Jain D, Sharma M C, Sarkar C, Suri V, Garg A, Mahapatra A K, Kumar L
Department of Pathology, All India Institute of Medical Sciences, New Delhi 110029, India.
J Neurooncol. 2008 Jun;88(2):237-41. doi: 10.1007/s11060-008-9561-1.
The authors report an unusual case of hepatosplenic T-cell lymphoma in a 41-year-old male patient. He presented initially with low grade fever, hepatosplenomegaly and pancytopenia. Splenectomy was done which showed infiltration of red pulp by monomorphic lymphocytes. Liver was also infiltrated with similar cells. A provisional diagnosis of hairy cell leukemia was made. Subsequently, after 6 months he was found to have a sellar mass, which on microscopy revealed lymphoma cells. These cells were positive for leukocyte common antigen and T-cell markers. Finally, based on overall clinical, histomorphological and immunophenotypic features, a diagnosis of hepatosplenic T-cell lymphoma, possibly gamma delta type, involving pituitary gland was established. On follow up, this patient showed evidence of bone marrow involvement and died after 1.5-year of diagnosis. This case highlights the involvement of rare site by a rare lymphoma and should be kept in mind in the differential diagnoses of pituitary tumors.
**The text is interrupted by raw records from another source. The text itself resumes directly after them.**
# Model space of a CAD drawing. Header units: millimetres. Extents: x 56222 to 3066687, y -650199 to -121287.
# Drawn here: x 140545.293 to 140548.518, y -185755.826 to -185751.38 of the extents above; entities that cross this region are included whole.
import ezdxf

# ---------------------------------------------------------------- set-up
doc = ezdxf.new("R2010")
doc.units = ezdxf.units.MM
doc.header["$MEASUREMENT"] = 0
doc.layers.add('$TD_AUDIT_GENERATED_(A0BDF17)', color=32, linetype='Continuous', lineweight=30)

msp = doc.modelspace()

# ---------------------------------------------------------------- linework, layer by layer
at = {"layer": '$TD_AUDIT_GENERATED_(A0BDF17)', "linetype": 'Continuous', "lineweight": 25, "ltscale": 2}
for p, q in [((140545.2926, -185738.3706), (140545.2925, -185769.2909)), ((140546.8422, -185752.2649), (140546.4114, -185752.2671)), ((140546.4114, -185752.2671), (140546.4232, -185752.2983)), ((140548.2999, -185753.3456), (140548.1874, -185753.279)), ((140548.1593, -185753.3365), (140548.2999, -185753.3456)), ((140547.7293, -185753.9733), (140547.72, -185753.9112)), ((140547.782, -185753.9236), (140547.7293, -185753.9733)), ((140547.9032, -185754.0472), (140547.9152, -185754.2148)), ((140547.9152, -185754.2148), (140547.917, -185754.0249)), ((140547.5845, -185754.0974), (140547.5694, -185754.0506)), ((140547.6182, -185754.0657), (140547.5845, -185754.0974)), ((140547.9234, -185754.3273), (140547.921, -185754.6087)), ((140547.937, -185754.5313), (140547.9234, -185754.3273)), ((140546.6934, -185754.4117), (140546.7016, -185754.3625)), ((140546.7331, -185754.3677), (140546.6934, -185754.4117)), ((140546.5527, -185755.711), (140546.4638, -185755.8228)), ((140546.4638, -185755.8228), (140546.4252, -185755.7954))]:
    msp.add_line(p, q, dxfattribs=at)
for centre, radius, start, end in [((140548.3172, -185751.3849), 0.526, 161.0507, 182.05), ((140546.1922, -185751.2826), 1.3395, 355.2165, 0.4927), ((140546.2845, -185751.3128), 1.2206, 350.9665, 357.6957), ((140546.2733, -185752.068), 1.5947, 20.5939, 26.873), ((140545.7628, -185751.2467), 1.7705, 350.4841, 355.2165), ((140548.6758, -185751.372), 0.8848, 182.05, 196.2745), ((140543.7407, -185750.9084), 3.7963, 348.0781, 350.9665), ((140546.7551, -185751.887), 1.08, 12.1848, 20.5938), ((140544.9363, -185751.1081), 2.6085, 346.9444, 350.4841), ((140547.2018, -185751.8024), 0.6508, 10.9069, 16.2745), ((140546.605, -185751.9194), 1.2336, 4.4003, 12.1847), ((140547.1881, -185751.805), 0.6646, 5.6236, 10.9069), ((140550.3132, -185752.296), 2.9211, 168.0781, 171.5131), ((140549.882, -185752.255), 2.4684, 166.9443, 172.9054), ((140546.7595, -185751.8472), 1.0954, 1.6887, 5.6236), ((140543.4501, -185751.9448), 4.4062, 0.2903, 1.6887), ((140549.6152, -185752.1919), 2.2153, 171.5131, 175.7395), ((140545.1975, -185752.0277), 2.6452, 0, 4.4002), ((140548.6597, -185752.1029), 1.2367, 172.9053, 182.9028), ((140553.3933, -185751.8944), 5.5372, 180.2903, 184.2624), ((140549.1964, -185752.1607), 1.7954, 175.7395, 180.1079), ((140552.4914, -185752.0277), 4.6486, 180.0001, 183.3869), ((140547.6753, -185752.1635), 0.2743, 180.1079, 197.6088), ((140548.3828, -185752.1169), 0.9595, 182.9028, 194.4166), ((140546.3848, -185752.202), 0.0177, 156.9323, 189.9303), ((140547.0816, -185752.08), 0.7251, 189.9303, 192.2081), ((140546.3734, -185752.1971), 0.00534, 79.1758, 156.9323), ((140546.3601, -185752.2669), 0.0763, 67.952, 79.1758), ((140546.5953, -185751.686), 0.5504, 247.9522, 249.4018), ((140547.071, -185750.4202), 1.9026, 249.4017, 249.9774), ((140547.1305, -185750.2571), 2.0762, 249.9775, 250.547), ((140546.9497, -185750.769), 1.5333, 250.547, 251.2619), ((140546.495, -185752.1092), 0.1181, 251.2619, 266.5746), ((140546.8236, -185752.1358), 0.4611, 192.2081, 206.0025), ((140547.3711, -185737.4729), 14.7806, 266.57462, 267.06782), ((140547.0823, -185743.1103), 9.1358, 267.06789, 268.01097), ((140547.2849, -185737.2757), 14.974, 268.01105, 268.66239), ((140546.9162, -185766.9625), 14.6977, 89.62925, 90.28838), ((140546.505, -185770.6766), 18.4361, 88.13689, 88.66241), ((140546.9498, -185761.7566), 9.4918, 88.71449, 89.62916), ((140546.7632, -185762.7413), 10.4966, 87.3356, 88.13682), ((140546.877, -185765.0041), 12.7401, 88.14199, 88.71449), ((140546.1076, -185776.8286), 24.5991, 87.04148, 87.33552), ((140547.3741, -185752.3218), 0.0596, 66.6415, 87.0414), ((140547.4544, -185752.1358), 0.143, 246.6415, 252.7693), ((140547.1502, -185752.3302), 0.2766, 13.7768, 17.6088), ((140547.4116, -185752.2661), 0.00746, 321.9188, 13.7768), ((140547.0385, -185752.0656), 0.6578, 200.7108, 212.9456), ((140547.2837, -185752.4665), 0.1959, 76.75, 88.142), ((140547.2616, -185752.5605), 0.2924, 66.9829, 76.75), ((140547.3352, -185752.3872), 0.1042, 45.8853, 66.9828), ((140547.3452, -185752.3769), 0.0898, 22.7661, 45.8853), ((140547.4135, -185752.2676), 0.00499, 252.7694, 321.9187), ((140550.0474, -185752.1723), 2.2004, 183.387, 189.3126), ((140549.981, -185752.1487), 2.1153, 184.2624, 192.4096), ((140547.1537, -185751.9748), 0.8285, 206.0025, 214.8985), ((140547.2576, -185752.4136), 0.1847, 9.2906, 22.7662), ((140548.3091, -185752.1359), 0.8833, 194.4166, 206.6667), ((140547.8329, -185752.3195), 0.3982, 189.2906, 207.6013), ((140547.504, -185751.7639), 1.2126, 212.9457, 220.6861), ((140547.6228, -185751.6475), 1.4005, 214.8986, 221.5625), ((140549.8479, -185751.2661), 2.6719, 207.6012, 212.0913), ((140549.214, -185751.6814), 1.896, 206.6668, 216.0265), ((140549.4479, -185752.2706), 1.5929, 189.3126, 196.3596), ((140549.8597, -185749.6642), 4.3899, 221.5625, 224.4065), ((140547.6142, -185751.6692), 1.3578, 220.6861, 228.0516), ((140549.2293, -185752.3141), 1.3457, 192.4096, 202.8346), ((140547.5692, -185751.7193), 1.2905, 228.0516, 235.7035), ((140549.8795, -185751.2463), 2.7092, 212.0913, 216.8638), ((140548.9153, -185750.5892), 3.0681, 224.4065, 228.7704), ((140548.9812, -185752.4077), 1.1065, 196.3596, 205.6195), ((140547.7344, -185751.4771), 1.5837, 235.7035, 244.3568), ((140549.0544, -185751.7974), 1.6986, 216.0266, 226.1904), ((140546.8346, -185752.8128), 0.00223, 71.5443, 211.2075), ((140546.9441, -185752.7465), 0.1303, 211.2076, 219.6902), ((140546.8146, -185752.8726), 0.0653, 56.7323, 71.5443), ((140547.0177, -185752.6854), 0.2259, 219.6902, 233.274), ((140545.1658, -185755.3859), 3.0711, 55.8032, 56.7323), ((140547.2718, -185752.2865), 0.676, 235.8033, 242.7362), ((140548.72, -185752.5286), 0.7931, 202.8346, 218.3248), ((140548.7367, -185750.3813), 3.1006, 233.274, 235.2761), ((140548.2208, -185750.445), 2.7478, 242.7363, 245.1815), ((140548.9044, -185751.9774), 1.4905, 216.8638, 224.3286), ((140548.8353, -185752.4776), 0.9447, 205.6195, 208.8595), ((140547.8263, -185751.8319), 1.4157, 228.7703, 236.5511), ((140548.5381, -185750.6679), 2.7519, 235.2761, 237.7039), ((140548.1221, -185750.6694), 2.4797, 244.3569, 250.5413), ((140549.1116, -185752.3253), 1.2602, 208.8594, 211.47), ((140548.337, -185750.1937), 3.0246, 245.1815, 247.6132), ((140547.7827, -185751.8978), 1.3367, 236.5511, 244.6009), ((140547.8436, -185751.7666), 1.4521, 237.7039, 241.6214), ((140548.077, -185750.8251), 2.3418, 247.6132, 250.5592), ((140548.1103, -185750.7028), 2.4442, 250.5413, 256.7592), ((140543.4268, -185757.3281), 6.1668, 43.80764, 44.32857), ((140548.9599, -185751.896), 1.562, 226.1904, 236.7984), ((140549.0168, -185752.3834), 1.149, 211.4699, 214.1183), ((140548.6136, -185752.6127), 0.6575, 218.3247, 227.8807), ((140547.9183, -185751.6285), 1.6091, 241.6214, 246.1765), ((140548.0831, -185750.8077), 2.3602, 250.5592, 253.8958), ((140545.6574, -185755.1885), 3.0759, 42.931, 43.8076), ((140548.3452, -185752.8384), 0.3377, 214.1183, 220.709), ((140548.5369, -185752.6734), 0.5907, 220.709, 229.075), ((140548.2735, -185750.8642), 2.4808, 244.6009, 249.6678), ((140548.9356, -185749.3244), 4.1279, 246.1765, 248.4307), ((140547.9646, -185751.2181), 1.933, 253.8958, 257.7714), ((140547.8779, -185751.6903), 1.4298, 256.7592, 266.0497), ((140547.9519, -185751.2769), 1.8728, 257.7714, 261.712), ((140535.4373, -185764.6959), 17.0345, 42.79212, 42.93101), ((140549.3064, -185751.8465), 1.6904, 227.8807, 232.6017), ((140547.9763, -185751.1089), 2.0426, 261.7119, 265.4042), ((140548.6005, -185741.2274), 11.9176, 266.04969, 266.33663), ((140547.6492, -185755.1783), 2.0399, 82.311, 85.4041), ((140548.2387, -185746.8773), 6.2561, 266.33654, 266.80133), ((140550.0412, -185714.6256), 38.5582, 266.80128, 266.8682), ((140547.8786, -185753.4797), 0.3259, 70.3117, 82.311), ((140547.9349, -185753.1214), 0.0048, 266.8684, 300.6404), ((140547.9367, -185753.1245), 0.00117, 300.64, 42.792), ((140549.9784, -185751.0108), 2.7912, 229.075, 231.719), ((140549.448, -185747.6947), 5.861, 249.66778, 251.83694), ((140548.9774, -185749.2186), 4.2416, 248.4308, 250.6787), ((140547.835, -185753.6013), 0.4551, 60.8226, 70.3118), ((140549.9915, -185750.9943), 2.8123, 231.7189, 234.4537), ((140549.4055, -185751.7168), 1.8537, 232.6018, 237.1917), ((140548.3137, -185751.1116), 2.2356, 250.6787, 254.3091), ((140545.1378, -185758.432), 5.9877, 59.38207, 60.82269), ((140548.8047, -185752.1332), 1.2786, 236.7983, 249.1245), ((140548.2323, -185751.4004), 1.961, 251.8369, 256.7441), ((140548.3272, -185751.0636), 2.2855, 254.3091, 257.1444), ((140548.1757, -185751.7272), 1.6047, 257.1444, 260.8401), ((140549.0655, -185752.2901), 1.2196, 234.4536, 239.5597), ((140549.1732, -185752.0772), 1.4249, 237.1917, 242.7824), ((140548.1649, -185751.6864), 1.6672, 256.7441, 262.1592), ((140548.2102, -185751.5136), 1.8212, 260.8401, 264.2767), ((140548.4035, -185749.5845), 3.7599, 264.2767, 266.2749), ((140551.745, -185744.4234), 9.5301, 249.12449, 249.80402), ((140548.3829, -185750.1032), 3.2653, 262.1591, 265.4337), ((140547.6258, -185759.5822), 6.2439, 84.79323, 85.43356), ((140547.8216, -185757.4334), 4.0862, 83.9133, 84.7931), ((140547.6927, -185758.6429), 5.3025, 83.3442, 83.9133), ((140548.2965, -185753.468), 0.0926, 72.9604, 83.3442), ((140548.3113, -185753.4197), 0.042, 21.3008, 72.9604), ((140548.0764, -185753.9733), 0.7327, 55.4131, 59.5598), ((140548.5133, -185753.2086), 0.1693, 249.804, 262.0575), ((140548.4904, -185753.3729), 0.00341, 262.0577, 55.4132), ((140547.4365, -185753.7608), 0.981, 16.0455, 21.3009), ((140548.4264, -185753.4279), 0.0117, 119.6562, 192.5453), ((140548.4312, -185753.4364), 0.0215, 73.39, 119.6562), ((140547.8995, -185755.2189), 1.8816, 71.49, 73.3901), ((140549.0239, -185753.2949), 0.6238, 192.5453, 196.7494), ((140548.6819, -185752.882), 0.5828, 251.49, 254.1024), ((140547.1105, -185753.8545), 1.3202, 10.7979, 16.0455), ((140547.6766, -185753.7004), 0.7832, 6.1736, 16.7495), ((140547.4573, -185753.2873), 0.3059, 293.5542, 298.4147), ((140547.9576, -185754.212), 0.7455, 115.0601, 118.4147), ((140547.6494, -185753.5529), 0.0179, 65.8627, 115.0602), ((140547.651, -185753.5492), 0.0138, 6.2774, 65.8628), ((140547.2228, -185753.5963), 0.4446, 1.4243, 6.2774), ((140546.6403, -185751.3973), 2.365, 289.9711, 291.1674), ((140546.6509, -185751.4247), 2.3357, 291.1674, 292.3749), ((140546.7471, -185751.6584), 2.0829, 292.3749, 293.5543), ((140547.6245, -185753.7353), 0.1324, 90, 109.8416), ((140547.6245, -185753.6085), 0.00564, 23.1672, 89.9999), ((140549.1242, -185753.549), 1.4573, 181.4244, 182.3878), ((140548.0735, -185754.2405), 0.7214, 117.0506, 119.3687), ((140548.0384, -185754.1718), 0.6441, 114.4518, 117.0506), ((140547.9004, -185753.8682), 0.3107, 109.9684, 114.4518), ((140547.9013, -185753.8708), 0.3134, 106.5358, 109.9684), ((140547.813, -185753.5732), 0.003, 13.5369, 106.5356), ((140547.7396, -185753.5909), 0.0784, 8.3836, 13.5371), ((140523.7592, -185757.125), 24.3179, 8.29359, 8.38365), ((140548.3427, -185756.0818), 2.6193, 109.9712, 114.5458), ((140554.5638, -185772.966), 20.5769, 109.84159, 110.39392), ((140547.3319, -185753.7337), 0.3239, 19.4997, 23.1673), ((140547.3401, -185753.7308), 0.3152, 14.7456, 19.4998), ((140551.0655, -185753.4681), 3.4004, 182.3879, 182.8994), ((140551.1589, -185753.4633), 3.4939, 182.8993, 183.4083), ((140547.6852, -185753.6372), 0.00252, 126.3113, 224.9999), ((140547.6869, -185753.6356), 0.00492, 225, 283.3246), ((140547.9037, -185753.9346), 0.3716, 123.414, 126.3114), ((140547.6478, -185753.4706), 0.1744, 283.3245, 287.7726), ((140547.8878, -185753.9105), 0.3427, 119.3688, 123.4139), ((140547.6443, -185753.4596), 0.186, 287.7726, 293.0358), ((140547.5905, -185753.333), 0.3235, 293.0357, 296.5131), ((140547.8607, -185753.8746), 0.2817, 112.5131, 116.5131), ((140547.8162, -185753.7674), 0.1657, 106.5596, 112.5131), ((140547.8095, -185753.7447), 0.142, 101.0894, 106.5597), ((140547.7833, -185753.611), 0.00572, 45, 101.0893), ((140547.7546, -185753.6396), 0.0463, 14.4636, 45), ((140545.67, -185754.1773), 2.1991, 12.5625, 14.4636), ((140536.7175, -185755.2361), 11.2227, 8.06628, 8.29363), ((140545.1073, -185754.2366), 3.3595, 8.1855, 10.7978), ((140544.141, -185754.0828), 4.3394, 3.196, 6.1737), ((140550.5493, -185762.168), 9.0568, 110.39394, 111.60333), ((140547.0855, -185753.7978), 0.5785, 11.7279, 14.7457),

作者报告了一例41岁男性患者的罕见肝脾T细胞淋巴瘤病例。他最初表现为低热、肝脾肿大和全血细胞减少。进行了脾切除术,结果显示红髓被单形性淋巴细胞浸润。肝脏也被类似细胞浸润。初步诊断为毛细胞白血病。随后,6个月后发现他有鞍区肿物,显微镜检查显示为淋巴瘤细胞。这些细胞白细胞共同抗原和T细胞标志物呈阳性。最后,根据总体临床、组织形态学和免疫表型特征,确诊为累及垂体的肝脾T细胞淋巴瘤,可能为γδ型。随访时,该患者出现骨髓受累证据,诊断后1.5年死亡。该病例突出了罕见淋巴瘤累及罕见部位的情况,在垂体肿瘤的鉴别诊断中应予以考虑。